Trent Williams opens up on how the Redskins mishandled his injuries

Seven-time Pro Bowler Trent Williams’ career with the Washington Redskins seems to be coming to an ugly end, and Williams believes the organization is smearing his name over a dispute about their medical practices.

The Redskins placed Williams – who revealed last month that he was diagnosed with cancer earlier this year and that the team “underestimated” a growth on his year for years – on the non-football injury list this week, and the team is not paying the remainder of Williams’ $5.1 million in base salary for the rest of the season. Williams had held out until the trade deadline, and after the Redskins failed to move him, Williams spoke out about his medical issues. The Redskins responded by requesting a third-party review of their handling of Williams’ care.

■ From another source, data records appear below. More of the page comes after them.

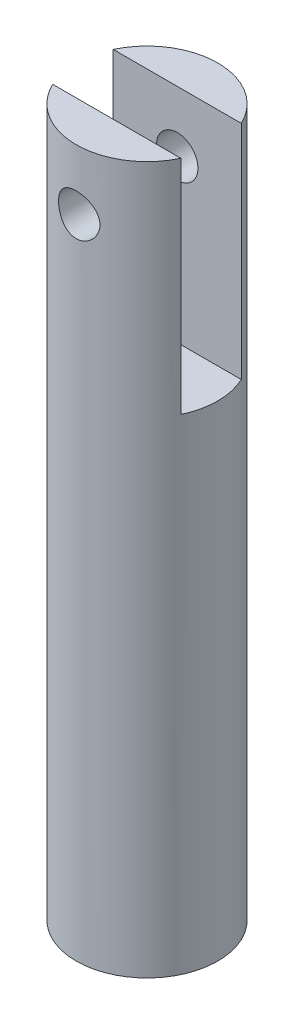
ISO-10303-21;
HEADER;
FILE_DESCRIPTION(('STEP AP214'),'2;1');
FILE_NAME('part.step','',(''),(''),'','','');
FILE_SCHEMA(('AUTOMOTIVE_DESIGN { 1 0 10303 214 1 1 1 1 }'));
ENDSEC;
DATA;
#1=APPLICATION_CONTEXT('core data for automotive mechanical design processes');
#2=APPLICATION_PROTOCOL_DEFINITION('international standard','automotive_design',2000,#1);
#3=PRODUCT_CONTEXT('',#1,'mechanical');
#4=PRODUCT('Part','Part','',(#3));
#5=PRODUCT_RELATED_PRODUCT_CATEGORY('part','',(#4));
#6=PRODUCT_DEFINITION_FORMATION('','',#4);
#7=PRODUCT_DEFINITION_CONTEXT('part definition',#1,'design');
#8=PRODUCT_DEFINITION('design','',#6,#7);
#9=PRODUCT_DEFINITION_SHAPE('','',#8);
#10=(LENGTH_UNIT() NAMED_UNIT(*) SI_UNIT(.MILLI.,.METRE.));
#11=(NAMED_UNIT(*) PLANE_ANGLE_UNIT() SI_UNIT($,.RADIAN.));
#12=(NAMED_UNIT(*) SI_UNIT($,.STERADIAN.) SOLID_ANGLE_UNIT());
#13=UNCERTAINTY_MEASURE_WITH_UNIT(LENGTH_MEASURE(1.E-05),#10,'distance_accuracy_value','');
#14=(GEOMETRIC_REPRESENTATION_CONTEXT(3) GLOBAL_UNCERTAINTY_ASSIGNED_CONTEXT((#13)) GLOBAL_UNIT_ASSIGNED_CONTEXT((#10,
#11,#12)) REPRESENTATION_CONTEXT('',''));
#15=CARTESIAN_POINT('',(0.,0.,0.));
#16=DIRECTION('',(0.,0.,1.));
#17=DIRECTION('',(1.,0.,0.));
#18=AXIS2_PLACEMENT_3D('',#15,#16,#17);
#19=CARTESIAN_POINT('',(0.,55.5244,0.));
#20=DIRECTION('',(0.,1.,0.));
#21=DIRECTION('',(0.,0.,1.));
#22=AXIS2_PLACEMENT_3D('',#19,#20,#21);
#23=PLANE('',#22);
#24=DIRECTION('',(1.,0.,0.));
#25=VECTOR('',#24,1.);
#26=CARTESIAN_POINT('',(-5.5626,55.5244,2.3749));
#27=LINE('',#26,#25);
#28=CARTESIAN_POINT('',(-5.03014599688717,55.5244,2.3749));
#29=VERTEX_POINT('',#28);
#30=CARTESIAN_POINT('',(5.03014599688717,55.5244,2.3749));
#31=VERTEX_POINT('',#30);
#32=EDGE_CURVE('E66',#29,#31,#27,.T.);
#33=ORIENTED_EDGE('',*,*,#32,.F.);
#34=CARTESIAN_POINT('',(0.,55.5244,0.));
#35=DIRECTION('',(0.,1.,0.));
#36=DIRECTION('',(0.,0.,1.));
#37=AXIS2_PLACEMENT_3D('',#34,#35,#36);
#38=CIRCLE('',#37,5.5626);
#39=EDGE_CURVE('E100',#29,#31,#38,.T.);
#40=ORIENTED_EDGE('',*,*,#39,.T.);
#41=EDGE_LOOP('',(#33,#40));
#42=FACE_BOUND('',#41,.T.);
#43=ADVANCED_FACE('F42',(#42),#23,.T.);
#44=CARTESIAN_POINT('',(0.,50.7619,-5.5626));
#45=DIRECTION('',(0.,0.,1.));
#46=DIRECTION('',(1.,0.,0.));
#47=AXIS2_PLACEMENT_3D('',#44,#45,#46);
#48=CYLINDRICAL_SURFACE('',#47,1.6256);
#49=CARTESIAN_POINT('',(0.,50.7619,2.3749));
#50=DIRECTION('',(0.,0.,1.));
#51=DIRECTION('',(1.,0.,0.));
#52=AXIS2_PLACEMENT_3D('',#49,#50,#51);
#53=CIRCLE('',#52,1.6256);
#54=CARTESIAN_POINT('',(1.6256,50.7619,2.3749));
#55=VERTEX_POINT('',#54);
#56=EDGE_CURVE('E151',#55,#55,#53,.F.);
#57=ORIENTED_EDGE('',*,*,#56,.T.);
#58=EDGE_LOOP('',(#57));
#59=FACE_BOUND('',#58,.T.);
#60=CARTESIAN_POINT('',(1.6256,50.7619,5.31976911153107));
#61=CARTESIAN_POINT('',(1.62559860911774,50.6727073763668,5.31977022332635));
#62=CARTESIAN_POINT('',(1.61823435322175,50.5835008673593,5.32203679535459));
#63=CARTESIAN_POINT('',(1.58904284626172,50.4076881958567,5.3308242288224));
#64=CARTESIAN_POINT('',(1.56721019055251,50.321083017726,5.3373466800241));
#65=CARTESIAN_POINT('',(1.50988033144056,50.1530430450573,5.35384544178888));
#66=CARTESIAN_POINT('',(1.47440499127675,50.0716002195425,5.36381622362921));
#67=CARTESIAN_POINT('',(1.39086788334388,49.915803739403,5.38608081743125));
#68=CARTESIAN_POINT('',(1.34280444316134,49.8414510285394,5.39837493800362));
#69=CARTESIAN_POINT('',(1.2339106044409,49.6997126667761,5.42431495108298));
#70=CARTESIAN_POINT('',(1.17276860546345,49.632571418858,5.4379885092705));
#71=CARTESIAN_POINT('',(1.04012160015769,49.5093347173916,5.46490981992957));
#72=CARTESIAN_POINT('',(0.968615329668879,49.4532406132673,5.47815752021679));
#73=CARTESIAN_POINT('',(0.815541576818624,49.3526394854366,5.50304737926425));
#74=CARTESIAN_POINT('',(0.733804873888852,49.3083801511428,5.51465312911552));
#75=CARTESIAN_POINT('',(0.563652545225148,49.234328490393,5.53463097857799));
#76=CARTESIAN_POINT('',(0.475238287043735,49.204533210956,5.54300373816493));
#77=CARTESIAN_POINT('',(0.296796180786302,49.1610599160426,5.55537650541175));
#78=CARTESIAN_POINT('',(0.206877852188644,49.1469650642879,5.55948938994933));
#79=CARTESIAN_POINT('',(0.0258649663168093,49.1339762860252,5.56327581583758));
#80=CARTESIAN_POINT('',(-0.0652293524782892,49.1350793244514,5.56295024356201));
#81=CARTESIAN_POINT('',(-0.243089680250863,49.1521718771572,5.55797693832002));
#82=CARTESIAN_POINT('',(-0.329903278825552,49.1677102587869,5.55346019271141));
#83=CARTESIAN_POINT('',(-0.499632167055188,49.2124974673552,5.5407701089115));
#84=CARTESIAN_POINT('',(-0.582547214580027,49.2417471446366,5.53259654393413));
#85=CARTESIAN_POINT('',(-0.743216827983788,49.3134417067001,5.51332694431989));
#86=CARTESIAN_POINT('',(-0.820902746271597,49.3560315109104,5.50219902808411));
#87=CARTESIAN_POINT('',(-0.968171727907061,49.4530836146357,5.47820568078583));
#88=CARTESIAN_POINT('',(-1.03775294294031,49.5075486142415,5.4653398548243));
#89=CARTESIAN_POINT('',(-1.16953033047235,49.6291585295794,5.438695262825));
#90=CARTESIAN_POINT('',(-1.23136230922651,49.6966950535515,5.42490031936694));
#91=CARTESIAN_POINT('',(-1.34292246360166,49.8413155949643,5.39836780772112));
#92=CARTESIAN_POINT('',(-1.39264956061072,49.9184004622926,5.38563033382632));
#93=CARTESIAN_POINT('',(-1.47894251166811,50.0808468198504,5.36258041577077));
#94=CARTESIAN_POINT('',(-1.51539024528845,50.1662744098317,5.35229000587636));
#95=CARTESIAN_POINT('',(-1.57327783009204,50.3424241352145,5.33556312668468));
#96=CARTESIAN_POINT('',(-1.59472228474595,50.4331446373224,5.32912547532951));
#97=CARTESIAN_POINT('',(-1.62132682423832,50.6138531143437,5.32109064087243));
#98=CARTESIAN_POINT('',(-1.6270380299569,50.7037527436874,5.31932971901631));
#99=CARTESIAN_POINT('',(-1.62354803980955,50.8832267119706,5.32039608773556));
#100=CARTESIAN_POINT('',(-1.61434880535221,50.9728010921419,5.32322277482943));
#101=CARTESIAN_POINT('',(-1.58178876239406,51.146826588044,5.3329857559311));
#102=CARTESIAN_POINT('',(-1.55877705878121,51.2313492823409,5.33982064917635));
#103=CARTESIAN_POINT('',(-1.49964707823016,51.3953302391972,5.35672630981704));
#104=CARTESIAN_POINT('',(-1.463526849327,51.4747877454366,5.36679755910634));
#105=CARTESIAN_POINT('',(-1.37814219439039,51.6286399020341,5.38936313901538));
#106=CARTESIAN_POINT('',(-1.32856383317895,51.7028519671595,5.40191308856363));
#107=CARTESIAN_POINT('',(-1.2180469609492,51.8421048562334,5.4278998600183));
#108=CARTESIAN_POINT('',(-1.15710587168402,51.9071435928237,5.44133688275719));
#109=CARTESIAN_POINT('',(-1.02301240391261,52.028584171759,5.46816193280682));
#110=CARTESIAN_POINT('',(-0.949502935462562,52.0845967829395,5.48153123708276));
#111=CARTESIAN_POINT('',(-0.793812911827997,52.1834975337878,5.50623126939497));
#112=CARTESIAN_POINT('',(-0.711632801751388,52.2263863467262,5.5175621019956));
#113=CARTESIAN_POINT('',(-0.54149338376179,52.2974097779136,5.53683749080375));
#114=CARTESIAN_POINT('',(-0.453583562937969,52.3256556902109,5.54480750186318));
#115=CARTESIAN_POINT('',(-0.27399194330564,52.366887802966,5.55657569708821));
#116=CARTESIAN_POINT('',(-0.182311170600119,52.379878126517,5.5603750084412));
#117=CARTESIAN_POINT('',(-0.00138619081735003,52.3899298762453,5.56330879440219));
#118=CARTESIAN_POINT('',(0.0878242908120433,52.3875572204567,5.56260900685069));
#119=CARTESIAN_POINT('',(0.26452169694,52.3682937916719,5.55701002192723));
#120=CARTESIAN_POINT('',(0.352008710470662,52.3514037706462,5.55211104206505));
#121=CARTESIAN_POINT('',(0.521951838575313,52.3039286155781,5.53870806833846));
#122=CARTESIAN_POINT('',(0.604448629544056,52.2734783693956,5.53023962439715));
#123=CARTESIAN_POINT('',(0.763206865296774,52.1998673394342,5.51057526813332));
#124=CARTESIAN_POINT('',(0.839467314153471,52.1567045305377,5.49937892130363));
#125=CARTESIAN_POINT('',(0.986137446527592,52.0573512031002,5.47501161708459));
#126=CARTESIAN_POINT('',(1.05629483465846,52.0008006247476,5.46179049368819));
#127=CARTESIAN_POINT('',(1.18631409636214,51.8769336615168,5.43503382478606));
#128=CARTESIAN_POINT('',(1.24617306194376,51.8096142461371,5.42149819169212));
#129=CARTESIAN_POINT('',(1.3555652562065,51.6638691499429,5.39520350252651));
#130=CARTESIAN_POINT('',(1.40476452136506,51.5851863935913,5.38247656860935));
#131=CARTESIAN_POINT('',(1.48917556444626,51.4203059593801,5.35973855833675));
#132=CARTESIAN_POINT('',(1.52439467868745,51.3341122520568,5.34972605841346));
#133=CARTESIAN_POINT('',(1.57631661124815,51.167449090557,5.33463994814927));
#134=CARTESIAN_POINT('',(1.59474888093206,51.0875559946296,5.32911416165711));
#135=CARTESIAN_POINT('',(1.61939013773795,50.925745598347,5.32167855114135));
#136=CARTESIAN_POINT('',(1.62560127760694,50.8438286570659,5.31976809028188));
#137=CARTESIAN_POINT('',(1.6256,50.7619,5.31976911153107));
#138=B_SPLINE_CURVE_WITH_KNOTS('',3,(#60,#61,#62,#63,#64,#65,#66,#67,#68,#69,#70,#71,#72,#73,
#74,#75,#76,#77,#78,#79,#80,#81,#82,#83,#84,#85,#86,#87,#88,#89,#90,#91,#92,#93,#94,#95,#96,#97,
#98,#99,#100,#101,#102,#103,#104,#105,#106,#107,#108,#109,#110,#111,#112,#113,#114,#115,#116,
#117,#118,#119,#120,#121,#122,#123,#124,#125,#126,#127,#128,#129,#130,#131,#132,#133,#134,#135,
#136,#137),.UNSPECIFIED.,.T.,.F.,(4,2,2,2,2,2,2,2,2,2,2,2,2,2,2,2,2,2,2,2,2,2,2,2,2,2,2,2,2,2,2,
2,2,2,2,2,2,2,4),(0.,0.267275889994316,0.534651676745373,0.801600751046707,1.06858530932863,
1.34282917658665,1.61710652236476,1.89674047023348,2.17631730400816,2.4482801886821,
2.72018876230949,2.98387560370443,3.24757880051296,3.51425234471475,3.78098658644829,
4.05749810967936,4.33403426260558,4.61297339699675,4.89182690664266,5.16078015091774,
5.42969801834375,5.69208952831222,5.95452012653171,6.2236948740446,6.49293077283842,
6.77173787497571,7.05053067149117,7.32717222091162,7.60373898583094,7.87017746675134,
8.1366021475243,8.40043384394886,8.66430759164813,8.93630234833085,9.20837378324113,
9.48802168637775,9.76752264496781,10.0130744867195,10.2585830707407),.UNSPECIFIED.);
#139=CARTESIAN_POINT('',(1.6256,50.7619,5.31976911153107));
#140=VERTEX_POINT('',#139);
#141=EDGE_CURVE('E99',#140,#140,#138,.T.);
#142=ORIENTED_EDGE('',*,*,#141,.F.);
#143=EDGE_LOOP('',(#142));
#144=FACE_BOUND('',#143,.T.);
#145=ADVANCED_FACE('F129',(#59,#144),#48,.F.);
#146=CARTESIAN_POINT('',(0.,55.5244,0.));
#147=DIRECTION('',(0.,-1.,0.));
#148=DIRECTION('',(0.,0.,-1.));
#149=AXIS2_PLACEMENT_3D('',#146,#147,#148);
#150=CYLINDRICAL_SURFACE('',#149,5.5626);
#151=CARTESIAN_POINT('',(0.,52.3875,-5.5626));
#152=CARTESIAN_POINT('',(-0.0892845040910537,52.3874986402863,-5.56259906349303));
#153=CARTESIAN_POINT('',(-0.178582846197011,52.3801197393198,-5.56042966092886));
#154=CARTESIAN_POINT('',(-0.354585801763526,52.3508647948924,-5.5519870987445));
#155=CARTESIAN_POINT('',(-0.441289517259433,52.3289837917347,-5.54571253517498));
#156=CARTESIAN_POINT('',(-0.609538786256495,52.2715127043421,-5.52974839947276));
#157=CARTESIAN_POINT('',(-0.691091527682393,52.2359422381372,-5.52006371598027));
#158=CARTESIAN_POINT('',(-0.847075051920992,52.152180546444,-5.49829000024847));
#159=CARTESIAN_POINT('',(-0.921504995605222,52.1039878364371,-5.48620068523754));
#160=CARTESIAN_POINT('',(-1.06316845725792,51.9949582666062,-5.46054082435697));
#161=CARTESIAN_POINT('',(-1.1301792917798,51.9338389488676,-5.44694110649029));
#162=CARTESIAN_POINT('',(-1.25316082192458,51.8012935324597,-5.41997036576016));
#163=CARTESIAN_POINT('',(-1.3091297727422,51.7298658079696,-5.40659937934453));
#164=CARTESIAN_POINT('',(-1.40958946289602,51.5768729757459,-5.38129394091482));
#165=CARTESIAN_POINT('',(-1.45381221306411,51.4951253165574,-5.36939588005192));
#166=CARTESIAN_POINT('',(-1.52779334461808,51.324950017102,-5.34881774664456));
#167=CARTESIAN_POINT('',(-1.55755499980499,51.2365238939936,-5.34013694586057));
#168=CARTESIAN_POINT('',(-1.60097328636098,51.0579944206606,-5.32727952698153));
#169=CARTESIAN_POINT('',(-1.61503886096469,50.9679989592317,-5.32298879227239));
#170=CARTESIAN_POINT('',(-1.62794225012846,50.7868312441927,-5.31905746543778));
#171=CARTESIAN_POINT('',(-1.62678354362785,50.6956592641891,-5.31941581093889));
#172=CARTESIAN_POINT('',(-1.60959329832514,50.5180187251343,-5.32464077241672));
#173=CARTESIAN_POINT('',(-1.59406971798449,50.4314957392816,-5.32935340716746));
#174=CARTESIAN_POINT('',(-1.54940934265448,50.2623399026102,-5.34250746392333));
#175=CARTESIAN_POINT('',(-1.52027126612868,50.1797074188117,-5.35094923694923));
#176=CARTESIAN_POINT('',(-1.44882540876377,50.0194161180293,-5.37073626536371));
#177=CARTESIAN_POINT('',(-1.40634969046135,49.9418368753855,-5.38211819734138));
#178=CARTESIAN_POINT('',(-1.30955108549503,49.7947349867169,-5.40648495662793));
#179=CARTESIAN_POINT('',(-1.25522545505967,49.7252142122975,-5.4194701548602));
#180=CARTESIAN_POINT('',(-1.13372826246394,49.5933163030424,-5.44620885430784));
#181=CARTESIAN_POINT('',(-1.06613389595558,49.5313300357546,-5.45997243876664));
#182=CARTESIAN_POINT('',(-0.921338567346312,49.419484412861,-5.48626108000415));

According to Williams, he went to team doctors in 2013 to address a growth on his head, and was repeatedly told that it was a harmless cyst and that he didn’t need to worry about it. The cyst continued to grow, but Williams was assured that it was a non-issue. Only when Williams went to have it removed in 2019 did a non-team doctor discover that the cyst was actually a cancerous tumor.

This mishandling of an injury isn’t a one-off for the Redskins staff, according to Williams. In a interview with Craig Hoffman of 106.7 The Fan, Williams recalled playing through a knee injury that left him considerably hobbled, and a time when the Redskins’ doctors severely underestimated ligament damage to his hand.

Via 106.7 The Fan:

“I remember one instance where my agent was livid. We played in New York last year when I tore my thumb up. My thumb wasn’t even fitting in the socket. Like my ligament was completely gone. It was wrapped around the thumb muscle, so I had NOTHING holding my thumb in place.

“And they just taped it and sent me back out there! I was just like…well part of me didn’t want to quit because it was just a finger, ya know? But the other part of me was like, ‘Damn. This feels unsafe!” I had never dislocated a finger in my life, so I don’t know how it’s supposed to feel, but I can’t even drink water without my thumb popping out of place.

“Then you go there the next morning and they start telling me the treatment and stuff and I’ll be ready the next week. My agent steps in the middle and gets a second opinion, and they told me I needed to be on the operating table as of yesterday.

“And its like damn, how do they get that far off when they lookin’ at the same pictures that those other doctors are looking at?”

Williams said that he would have remained quiet about his issues with the Redskins had they traded him, but felt compelled to speak out when it was clear he was stuck in Washington with a medical staff he couldn’t trust.

“No matter how rich I am or how much money I have, when the doctors told me in February that I didn’t have long to live, that [expletive] didn’t matter. It wasn’t about money no more. I couldn’t buy a new brain. I couldn’t buy a new skull. You know what I’m saying? 

“The money was obsolete at that point. It still is. It was a point to prove. It’s something more than that. It’s morals. It’s integrity. I had to. I couldn’t just sit there and let this go because it would have. If I had never spoken to you guys, you guys would have never known what happened.”